Is there an intuition why character based models language bases models are preferred over word based. For example Karpathy builds his language model by predicting the next character in Karpathy Blog.

The aspect I am struggling with is that not each combination of characters is a word, so intuitively I would try to predict the next word (or word embedding and calculate squared error). I think this is also used in the sentence embedding proposed by Kiros Skip Thought.

So my question is what are advantages and disadvantages for character based language models in comparison to word based models.

  • $\begingroup$ There are much less characters than words, resulting in smaller input space. $\endgroup$ – rcpinto Jun 3 '16 at 6:58
  • $\begingroup$ The answer I posted on Data Science: datascience.stackexchange.com/a/13179/22012 might be what you need. $\endgroup$ – minerals Mar 8 '17 at 21:11

The main advantage of working with character-level generative models is that the discrete space you're working with is much smaller -- there are about 97 English-language characters in common usage if we include all punctuation marks. By contrast, a vocabulary is many thousands of words. This implies that just storing the word embeddings will require a lot of memory, and including word embeddings in a model adds many, many parameters to the model so the computational cost is much higher on this account than the character-level model.

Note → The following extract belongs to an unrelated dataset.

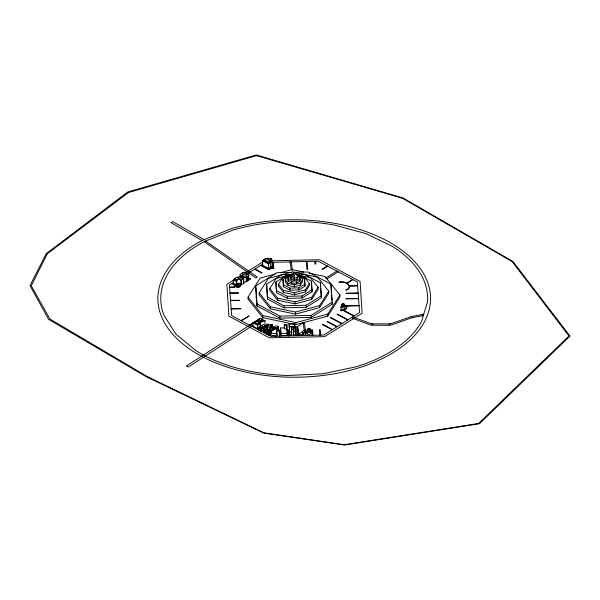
<?xml version="1.0" encoding="UTF-8"?>
<svg xmlns="http://www.w3.org/2000/svg" width="600" height="600" viewBox="0 0 600 600"><rect width="100%" height="100%" fill="white"/><g stroke="black" fill="none" stroke-linecap="round" stroke-linejoin="round"><path stroke-width="0.9" d="M264.562 331.702L264.69 330.322L263.805 330.195L263.678 331.575L265.657 332.67L266.168 332.58L266.288 331.207L265.403 331.08L265.275 332.452M268.65 268.425L268.65 264.105A2.85 1.643 0 0 1 270.337 262.935L270.54 261.615L272.362 261.728L272.25 267.202A2.85 1.643 0 0 0 271.095 267.142L270.337 267.255A2.85 1.643 0 0 0 268.65 268.425L262.522 265.14L262.522 260.812L265.605 259.035M270.428 262.763L270.555 260.745A2.79 1.612 0 0 0 270.21 258.712A2.79 1.612 0 0 0 266.685 258.517L270.555 260.745M272.25 267.202L272.362 261.728M246.255 273.435A1.328 0.765 0 0 1 247.192 273.975A1.328 0.765 0 0 1 248.123 274.515A1.328 0.765 0 0 1 249.097 275.16A1.328 0.765 0 0 1 248.445 275.918L248.13 276.045A1.328 0.765 0 0 1 247.192 276.593A1.328 0.765 0 0 1 246.255 277.132A1.328 0.765 0 0 1 244.98 277.695A1.328 0.765 0 0 1 243.697 277.132A1.328 0.765 0 0 1 242.76 276.593A1.328 0.765 0 0 1 241.83 276.045A1.328 0.765 0 0 1 240.892 275.505A1.328 0.765 0 0 1 239.91 274.77A1.328 0.765 0 0 1 240.892 274.035A1.328 0.765 0 0 1 241.83 273.487A1.328 0.765 0 0 1 242.445 273.03L242.7 272.962A1.328 0.765 0 0 1 243.757 272.37A1.328 0.765 0 0 1 245.108 272.707M248.145 275.993L248.13 280.485A1.328 0.765 0 0 1 247.192 281.025A1.328 0.765 0 0 1 246.255 281.565A1.328 0.765 0 0 1 244.98 282.127A1.328 0.765 0 0 1 243.697 281.565A1.328 0.765 0 0 1 243.382 281.49M293.452 274.192C293.82 273.945 294.075 274.538 293.452 274.028M293.603 274.028L293.64 274.305M292.245 274.545L291.855 274.365C290.767 276.157 292.942 273.788 291.952 275.077M291.907 275.115L291.968 274.74M270.735 334.853A9.953 5.745 0 0 0 276.885 335.873L276.885 333.712A9.953 5.745 0 0 1 270.735 332.692L270.892 330.795L268.605 330.728L268.44 334.582C270.608 336.48 271.425 333.51 270.735 331.612M270.952 332.498L271.035 331.103M270.697 324.772L270.653 326.618A0.9 0.517 0 0 0 270.862 327M266.325 329.978L266.445 328.597L266.955 328.507L267.337 329.805M267.218 330.097L267.337 328.718M267.532 330.712L267.772 331.23L268.418 330.855L266.288 331.418L264.57 330.832L264.308 330.322L265.222 329.085L264.847 328.868L264.195 329.243L264.337 330.03M267.532 330.93L268.305 330.202L268.05 329.483L268.56 329.392L268.815 330.983L268.942 329.603M267.923 329.993L268.05 329.483M266.168 332.58L266.288 331.207M266.288 332.288L268.418 331.935M341.145 306.112L341.678 305.055L342.472 305.587L341.145 306.112L340.995 309.638A3.683 2.13 0 0 0 344.603 306.72M341.82 305.858L341.82 304.778L342.54 304.103L342.472 306.668L341.145 307.192M342.54 304.103L342.36 305.01L342.757 305.077L342.757 304.538L342.007 304.41M342.757 304.538L341.82 304.778M342.757 305.077L342.57 305.445L343.493 305.205L342.54 304.642M260.048 326.722L259.485 326.888M274.462 329.543L274.462 327.112L275.108 326.025L277.058 325.808L278.362 326.67L278.362 329.918L277.71 330.998L276.495 331.14L276.885 335.873M277.71 330.998L277.71 327.757L278.362 326.67M309.06 273.157L325.132 276.562L339.915 294.998L339.915 297.038L327.795 316.11L295.86 324.645L262.83 317.647L248.048 299.212L248.048 297.173L260.168 278.1L275.25 274.065M259.207 292.822L268.38 278.385L292.56 271.92L317.565 277.222L328.755 291.173L328.755 293.22L319.575 307.657L295.403 314.123L270.397 308.82L259.207 294.862L259.207 292.822L270.397 306.78L270.397 308.82M296.647 274.755L310.343 277.657L318.105 287.34L318.105 289.388L311.737 299.4L294.968 303.885L277.62 300.21L269.85 290.528L269.85 288.48L276.225 278.468L292.11 274.215M298.478 275.993L304.455 277.26L309.428 283.462L309.428 285.502L305.347 291.915L294.615 294.788L283.507 292.433L278.535 286.237L278.535 284.19L282.615 277.778L291.053 275.438M297.18 275.498L299.843 276.067L302.625 279.532L302.625 281.58L300.345 285.165L294.337 286.778L288.12 285.457L285.337 281.985L285.337 279.945L287.618 276.353L287.618 277.718M289.815 275.94L290.91 274.207L293.812 273.435L296.805 274.065L298.147 275.737L298.147 277.597L297.053 279.33L294.15 280.103L291.15 279.465L289.815 277.793L289.815 275.94L291.15 277.612L291.15 279.465M297.053 279.33L297.053 277.47L298.147 275.737M300.345 285.165L300.345 283.125L302.625 279.532M305.347 291.915L305.347 289.875L309.428 283.462M311.737 299.4L311.737 297.36L318.105 287.34M319.575 307.657L319.575 305.61L328.755 291.173M327.795 316.11L327.795 314.07L339.915 294.998M259.575 318.615L257.317 320.985L252.892 322.913L252.892 326.153L257.722 328.553L260.452 326.67L260.07 322.582L265.072 320.76L265.072 324.007L260.07 325.822L260.452 326.67M258.127 320.197L260.13 318.188L262.29 318.9L262.29 319.98L260.28 321.998L258.127 321.278L258.127 320.197L260.28 320.918L262.29 318.9M291.855 274.455C291.885 275.34 291.09 274.043 292.305 274.725M291.757 274.92L292.125 274.455M294.585 275.827C293.325 275.355 295.065 276.045 293.865 275.865M268.41 331.028L269.647 331.905L270.952 331.418M297.487 326.798L303.135 322.455L304.538 323.692L305.618 331.267L303.195 333.135L302.243 332.295L303.382 334.567L299.025 334.778L298.567 334.373L297.487 326.798L297.945 327.202M298.567 334.373L304.215 330.03L303.135 322.455M307.68 329.1L308.745 328.29L310.14 328.905L310.14 330.668L309.075 331.478L307.68 330.862L307.68 329.1L309.075 329.715L310.14 328.905M294.045 274.32L294.022 273.923M272.362 324.712L272.362 326.438L273.57 327.097L273.57 328.68L271.987 329.767A0.84 0.488 0 0 1 270.435 329.858L269.16 329.183L269.16 327.593L270.697 326.505M273.57 327.097L271.987 328.185A0.84 0.488 0 0 0 271.425 327.577M257.722 328.553L257.722 325.312L260.452 323.43M254.73 322.163L256.92 320.692L259.478 321.96L259.478 323.04L260.017 322.995L259.358 322.748L257.28 324.51L254.73 323.25L254.73 322.163L257.28 323.43L259.478 321.96M293.513 276.99L293.993 277.403L293.513 276.99L293.513 277.53L293.993 277.403M236.333 280.365L234.87 279.6L234.87 278.46L237.067 277.05L239.985 278.618M235.733 284.595L233.333 283.343L233.333 280.103L234.75 279.195M237.067 280.748L237.067 279.608L239.265 278.19M236.535 284.197L236.535 280.14L240.788 277.41L243.45 278.79L243.45 283.657L240.93 284.82L240.93 279.952M240.233 284.572A3.285 1.897 0 0 1 240.63 284.692L241.32 285.022L241.32 280.155L243.45 278.79M251.595 326.22L188.25 366.998L186.322 366L260.212 318.435L249.555 325.14M265.485 327.375L265.485 326.483L266.22 326.01L267.593 326.767L266.22 326.475L266.595 324.93L268.043 324.007L269.04 324.525L269.04 326.272L266.483 327.9L264.9 327.075L266.82 325.425M264.9 327.075L266.82 325.853M267.593 327.195L267.593 325.447L269.04 324.525M266.483 327.9L266.483 327L267.218 326.528L267.218 327M270.6 331.665L275.243 328.71L275.243 327.63M233.692 282.397L229.388 285.105L231.697 315.69L270.788 336.382L323.767 335.048L359.603 312.48L357.3 281.888L318.21 261.202L272.73 262.343L273.157 267.998L273.78 267.983L273.353 262.327M246.757 274.163L263.077 263.888M243.833 283.335L244.29 283.05M327.067 265.89L321.975 269.1L322.665 269.46L327.757 266.257M241.005 320.618L249.173 315.9L241.373 320.812M325.635 278.16L336.877 271.08M251.535 326.19L253.065 325.23M326.933 278.91L338.228 271.793M258.105 329.663L266.692 324.705L261.472 327.99M262.043 326.168A2.265 1.305 0 0 1 263.978 327.195L264 329.452L261.225 331.192L258.712 329.858L258.712 328.26A3.69 2.13 0 0 0 262.043 326.168L263.978 327.195L260.655 329.295L260.655 330.885M261.225 331.192L261.225 329.603L264 327.862A3.157 1.823 0 0 0 263.978 327.202M266.235 333.968L268.515 332.535M270.788 331.103L274.59 328.71M352.673 279.442L346.875 283.087L346.312 282.78A8.25 4.762 0 0 0 338.895 282.022L339.135 282.3A7.695 4.44 0 0 1 345.998 283.013L347.295 283.733A7.695 4.44 0 0 1 345.772 290.183L347.438 289.778A8.25 4.762 0 0 0 349.575 286.695L349.485 286.125L357.608 285.923M352.972 279.6L347.168 283.252L349.433 285.803L357.577 285.577M266.632 334.178L268.147 333.225M271.185 331.312L274.222 329.4M255.735 290.025L255.735 285.938L276.862 272.7L291.525 272.355M295.665 274.335L304.035 274.14L320.46 282.877L321.375 297.803L306.24 307.29L283.928 307.815L267.502 299.077L266.587 284.153L281.722 274.665L292.875 274.403M296.94 275.505L300.623 275.415L311.483 281.19L312.082 291.75L302.085 298.013L287.332 298.365L276.48 292.59L275.873 282.03L285.877 275.767L290.483 275.655M298.005 275.452L304.582 278.947L304.942 286.147L298.89 289.942L289.957 290.16L283.38 286.657L283.013 279.457L291.3 274.358M299.97 278.962L299.97 281.01L296.663 283.08L291.78 283.192L288.195 281.288L287.993 276.428L288.195 279.24L291.78 281.153L296.663 281.04L299.97 278.962L299.767 276.15L296.175 274.237M283.013 279.457L283.38 284.618L289.957 288.112L298.89 287.903L304.942 284.108M275.873 282.03L276.48 290.55L287.332 296.325L302.085 295.972L312.082 289.702M266.587 284.153L267.502 297.038L283.928 305.775L306.24 305.243L321.375 295.763M255.735 285.938L257.017 303.923L279.945 316.118L311.1 315.382L332.22 302.145L330.945 284.16L308.017 271.965L293.355 272.31M255.735 287.978L257.017 305.962L279.945 318.165L311.1 317.43L332.22 304.185L332.22 302.145M234.712 279.413L226.882 284.272L228.907 316.132L269.355 337.83L324.532 336.66L362.115 313.305L360.09 281.452L319.642 259.755L271.95 260.767M237.847 277.462L240.195 276.007M245.678 272.595L262.897 261.892M342.915 304.192C345.3 301.86 341.303 306.638 343.462 304.155M263.962 259.538L265.935 258.39L270.33 260.925L270.33 261.9L268.35 263.04L263.962 260.505L263.962 259.538L268.35 262.072L270.33 260.925M291.36 276.165L292.132 276.233C292.358 277.29 290.67 275.798 291.705 276.368L291.705 276.15M291.36 276.345L291.915 276.112L291.915 276.668M293.767 277.237L293.993 277.26M342.57 305.985L343.755 305.76L342.952 306.57L343.83 306.638L343.418 306.218M270.382 329.843L270.42 325.605M202.005 240.532L231.142 228.728A136.343 78.72 0 0 1 430.41 295.028A136.343 78.72 0 0 1 242.123 371.272A136.343 78.72 0 0 1 202.005 240.532L170.947 222.6L172.718 221.58L204.083 239.685M204.127 241.688L232.68 230.167A133.425 77.032 0 0 1 334.418 225.075L365.97 233.587L392.64 246.525A133.425 77.032 0 0 1 427.493 301.942L421.418 321.743A133.425 77.032 0 0 1 355.718 366.877L322.98 373.74L288.278 375.48A133.425 77.032 0 0 1 195.757 350.52L175.8 334.043L163.913 315.142A133.425 77.032 0 0 1 204.127 241.688L255.87 277.905L257.303 277.072L205.35 240.907M412.785 317.423L390.668 325.245L371.31 325.245L352.29 318.225L353.25 317.115L372.892 324.33M261.885 320.962L261.907 321.457L262.507 321.097M389.062 324.315L411.338 316.59L423.72 314.243M308.243 329.168A1.838 1.057 0 0 0 307.087 329.993L306.938 330.233A1.328 0.765 0 0 0 306.81 331.44L306.99 333.705A1.8 1.035 0 0 0 308.94 334.485A1.8 1.035 0 0 0 310.53 333.472L310.695 331.395A1.328 0.765 0 0 0 310.815 330.188L310.725 330.053A1.838 1.057 0 0 0 310.058 329.332M310.522 333.435L310.695 333.382A1.328 0.765 0 0 0 311.048 332.317M280.567 272.647L292.103 269.565L303.705 272.025M291.15 277.612L294.15 278.243L297.053 277.47M285.337 279.945L288.12 283.418L294.337 284.73L300.345 283.125M278.535 284.19L283.507 290.392L294.615 292.74L305.347 289.875M269.85 288.48L277.62 298.163L294.968 301.845L311.737 297.36M270.397 306.78L295.403 312.075L319.575 305.61M248.048 297.173L262.83 315.608L295.86 322.605L327.795 314.07M294.562 275.692L293.97 275.452M248.145 280.425L248.445 280.35A1.328 0.765 0 0 0 248.722 279.15M270.428 262.222L271.095 262.275A2.85 1.643 0 0 1 272.25 262.335M411.982 317.7L423.322 315.548M266.325 328.897L267.218 329.017M265.215 329.085L268.05 329.692M263.678 330.495L264.57 330.615M267.923 329.775L268.815 329.903M265.275 331.373L266.168 331.5M422.123 314.858L423.607 314.618M274.462 327.112L275.767 327.975L277.71 327.757M275.243 328.71L276.495 328.972L276.885 333.712M293.062 326.933L294.945 326.858L295.575 331.86L295.575 334.89L293.692 334.965L293.062 326.933L293.692 334.965M293.692 331.942L295.575 331.86M284.288 327.877L280.462 328.005L280.995 335.603L287.34 335.392L286.942 329.25A2.52 1.455 0 0 1 284.288 327.877L284.288 324.638L286.8 324.555L286.942 330.69M280.462 328.005L280.995 333.442L287.34 333.233M289.11 324.09L294.593 323.91L294.832 326.423L289.358 326.603L289.11 324.09L289.358 329.625M291.18 329.565L293.01 329.505M269.933 258.9L271.657 258.847L271.965 262.103L271.965 261.562M291.315 326.64L289.373 326.692L289.785 335.19L291.735 335.138L291.315 326.64L291.735 335.138M289.785 331.86L291.735 331.808M229.545 287.1L234.375 286.905A3.885 2.243 0 0 1 235.335 285.548L231.833 283.567M229.567 287.4L234.78 287.28A3.555 2.055 0 0 1 235.44 285.81M229.98 292.897L238.68 292.987L230.002 293.205M358.14 292.98L345.96 293.288L358.163 293.34M230.535 300.278L239.46 300.368L230.558 300.585M358.553 298.44L345.87 298.763L358.575 298.77M231.165 308.7L241.005 308.715L231.188 308.955M345.938 305.775L359.077 305.445M346.298 306.105L359.1 305.79M304.748 329.76L305.475 329.737L305.903 335.498M289.072 275.663L290.858 275.618M371.67 323.88L390.33 323.88M342.472 305.587L341.407 305.587L341.407 307.207M291.907 274.987L291.487 274.868M343.493 305.205L342.93 305.955L343.41 306.233M343.493 305.745L342.938 304.71M306.945 333.472L306.81 333.428A1.328 0.765 0 0 1 306.938 332.212M344.093 304.755L346.485 306.308A5.498 3.173 0 0 1 344.212 310.23L341.752 310.673L340.455 310.627L340.642 310.275A4.853 2.805 0 0 0 345.81 308.722A4.853 2.805 0 0 0 344.678 305.43M261.93 319.538L265.072 320.76M271.965 266.423L272.362 266.595M252.892 322.913L257.722 325.312M234.87 278.46L237.067 279.608M233.333 280.103L236.535 281.767M258.33 327.585L257.745 327.877M266.595 324.93L267.593 325.447M265.485 326.483L266.483 327M264.9 326.647L265.485 326.947M342.173 323.46L330.623 317.377L330.142 317.655L341.685 323.767M260.925 265.237L268.905 269.468A6.038 3.488 0 0 1 272.745 268.028L273.765 268.207A6.195 3.577 0 0 0 268.853 269.812L260.61 265.44M343.845 310.32L354.27 315.84M343.222 310.485L353.85 316.11M254.97 268.995L262.155 272.79L261.712 273.075L254.528 269.272M348.09 319.733L337.418 314.085L336.998 314.355L347.663 320.002M248.392 277.725L250.77 278.985L250.343 279.255L248.752 278.415M337.178 326.61L327.435 321.45L327.045 321.697L336.788 326.85M332.543 329.528L322.733 324.33L322.343 324.577L332.153 329.767M232.163 283.358L235.808 285.285M258.712 328.26L261.225 329.603M262.522 260.812L268.65 264.105M241.32 280.155L240.63 279.832A3.285 1.897 0 0 0 236.535 280.14M269.16 327.593L270.36 328.155A0.84 0.488 0 0 1 270.99 327.57M268.942 330.69L268.56 329.392M291.705 276.233L292.132 276.548M264.195 329.243L265.087 329.595M304.215 330.03L305.618 331.267M342.472 306.668L341.947 306.135L341.933 307.2M310.522 331.447L310.53 331.485A1.8 1.035 0 0 1 308.94 332.498A1.8 1.035 0 0 1 306.99 331.725L306.945 331.493M291.142 261.877L292.612 270.705M290.002 261.907L291.33 269.88M303.022 332.048L303.382 334.567M298.185 328.89L298.545 331.41M298.785 333.097L299.025 334.778M297.712 335.707L296.55 326.55L295.455 326.603L296.61 335.73M295.155 331.553L294.945 326.858M287.1 333L287.34 335.392M289.785 335.19L289.358 326.603M315.697 261.263L315.9 264.015L315.038 264.038L314.827 261.285M320.73 335.123L320.317 329.663L319.41 329.685L319.822 335.153M312.952 335.325L312.532 329.775L311.64 329.798L312.06 335.347M307.155 261.48L307.755 269.43L306.93 269.445L306.33 261.502M304.868 331.403L305.183 335.52M288.862 335.925L288.413 329.94L287.715 329.955L288.165 335.947M280.155 336.142L279.697 330.075L279.015 330.09L279.472 336.165M331.395 292.5L330.945 284.16M331.522 294.293L331.965 300.593M332.093 302.392L332.22 304.185M320.595 286.763L320.46 282.877M320.722 288.6L321.18 295.043M311.603 284.94L311.483 281.19M311.722 286.642L312.082 291.75M304.942 286.147L304.582 278.947M299.97 281.01L299.767 276.15M256.185 296.317L256.373 299.017M343.312 304.778L343.312 305.317M342.938 305.505L342.938 306.045M342.195 304.043L342.195 305.123L343.02 303.51A3.683 2.13 0 0 1 344.722 305.955A3.683 2.13 0 0 1 340.995 307.478M341.678 305.055L341.678 307.582M311.1 315.382L311.1 317.43M309.075 329.715L309.075 331.478M306.24 305.243L306.24 307.29M302.085 295.972L302.085 298.013M298.89 287.903L298.89 289.942M296.663 281.04L296.663 283.08M295.86 322.605L295.86 324.645M295.403 312.075L295.403 314.123M294.968 301.845L294.968 303.885M294.615 292.74L294.615 294.788M294.593 323.91L294.593 326.933M294.562 275.535L294.465 275.94M294.337 284.73L294.337 286.778M294.15 278.243L294.15 280.103M291.705 275.962L291.705 276.548M291.78 281.153L291.78 283.192M289.957 288.112L289.957 290.16M288.195 279.24L288.195 281.288M288.12 283.418L288.12 285.457M287.332 296.325L287.332 298.365M286.8 324.555L286.8 329.955M283.928 305.775L283.928 307.815M283.507 290.392L283.507 292.433M283.38 284.618L283.38 286.657M280.995 333.442L280.995 335.603M279.945 316.118L279.945 318.165M277.62 298.163L277.62 300.21M276.48 290.55L276.48 292.59M276.495 327.892L276.495 331.14M275.767 327.975L275.767 329.055M271.987 325.553L272.017 329.782M271.657 258.847L271.657 262.305M271.507 261.368L271.507 261.907M270.675 262.327L270.675 267.195M270.653 331.688L270.653 334.928M270.188 331.86L270.188 335.1M269.647 331.905L269.647 335.153M269.115 331.822L269.115 335.07M268.688 331.627L268.688 334.868M268.35 262.072L268.35 263.04M268.305 329.985L268.282 332.228M267.772 331.23L267.772 332.31M267.502 297.038L267.502 299.077M267.397 331.013L267.405 332.1M266.445 328.597L266.445 329.678M266.22 326.01L266.22 326.475M265.657 331.59L265.657 332.67M265.403 331.08L265.403 332.16M264.585 330.54L264.585 329.46L264.57 330.832M264.06 330.705L264.06 331.785M262.83 315.608L262.83 317.647M260.28 320.918L260.28 321.998M257.28 323.43L257.28 324.51M257.017 303.923L257.017 305.962M247.192 276.593L247.192 281.025M246.255 277.132L246.255 281.565M243.697 277.132L243.697 281.565M242.76 276.593L242.76 278.362M241.83 276.045L241.83 277.822M240.892 275.505L240.892 278.168M259.582 329.745A3.69 2.13 0 0 1 258.712 329.858M263.73 328.418A2.265 1.305 0 0 1 263.978 328.793A3.157 1.823 0 0 1 264 329.452M272.362 326.438A0.9 0.517 0 0 1 271.478 327.18M286.942 326.002A2.52 1.455 0 0 1 284.288 324.638M239.01 286.433A1.245 0.72 0 0 1 237.93 287.513A1.245 0.72 0 0 1 236.85 286.433M236.722 285.9A1.245 0.72 0 0 1 237.608 285.015A1.245 0.72 0 0 1 239.138 285.525M240.263 284.865A2.618 1.507 0 0 1 238.417 287.145A2.618 1.507 0 0 1 235.485 285.293M246.413 274.267A2.228 1.282 0 0 1 244.808 276.293A2.228 1.282 0 0 1 242.572 274.478M270.877 260.31A2.79 1.612 0 0 1 270.555 261.72M259.267 323.392L260.055 323.415L259.267 323.392M262.65 320.595C263.483 321.54 263.31 318.743 262.65 320.595M244.185 273.435L245.025 273.502L244.185 273.435M343.718 304.373L344.535 305.108L343.702 304.98L344.535 304.312L343.718 304.373M257.73 323.918L258.502 324.007L257.73 323.918M257.73 324.457L258.502 324.555L257.73 324.457M270.705 324.757L270.653 324.885A0.9 0.517 0 0 0 271.86 325.418A0.9 0.517 0 0 0 272.183 324.562A0.9 0.517 0 0 0 270.705 324.757M261.638 320.572L262.545 320.7L261.697 320.505M47.34 253.725L31.275 285.795L49.92 319.013L147.337 376.597L263.835 432.772L344.303 444.697L478.65 423.45L568.957 335.978L512.145 261.593L402.57 198.33L256.493 155.648L128.565 192.51L47.34 253.725M46.305 253.62L30 285.6L48.593 319.365L146.145 376.673L263.685 433.08L344.55 445.05L479.52 423.705L570 336.06L512.888 261.435L402.862 197.91L256.298 154.95L127.695 192.007L46.305 253.62M270.735 325.822A0.84 0.488 0 0 0 272.017 325.425A0.84 0.488 0 0 0 270.78 324.983A0.84 0.488 0 0 0 270.735 325.822M236.212 285.728A2.618 1.507 0 0 0 240.57 285A2.618 1.507 0 0 0 237.3 283.185A2.618 1.507 0 0 0 236.212 285.728M237.045 285.21A1.245 0.72 0 0 0 239.138 284.888A1.245 0.72 0 0 0 237.608 284.002A1.245 0.72 0 0 0 237.045 285.21M243.18 274.493A2.228 1.282 0 0 0 246.795 273.712A2.228 1.282 0 0 0 243.817 272.295A2.228 1.282 0 0 0 243.18 274.493"/></g></svg>

Mispelled words or other words not appearing in the vocabulary are usually treated as a special "unknown" token. This suffices for some practical contexts, but it also means that the model is not terribly flexible when it comes to generate new text.

On the other hand, character-level models can spontaneously generate unusual words with some (small) probability. As you point out, this can also mean that nonsense words or obvious typos can creep into the generated text, but in my experience, a well-trained generative model usually does pretty well at learning how to spell.

One of the key papers in character-level RNNs is "Generating Sequences With Recurrent Neural Networks" by Alex Graves.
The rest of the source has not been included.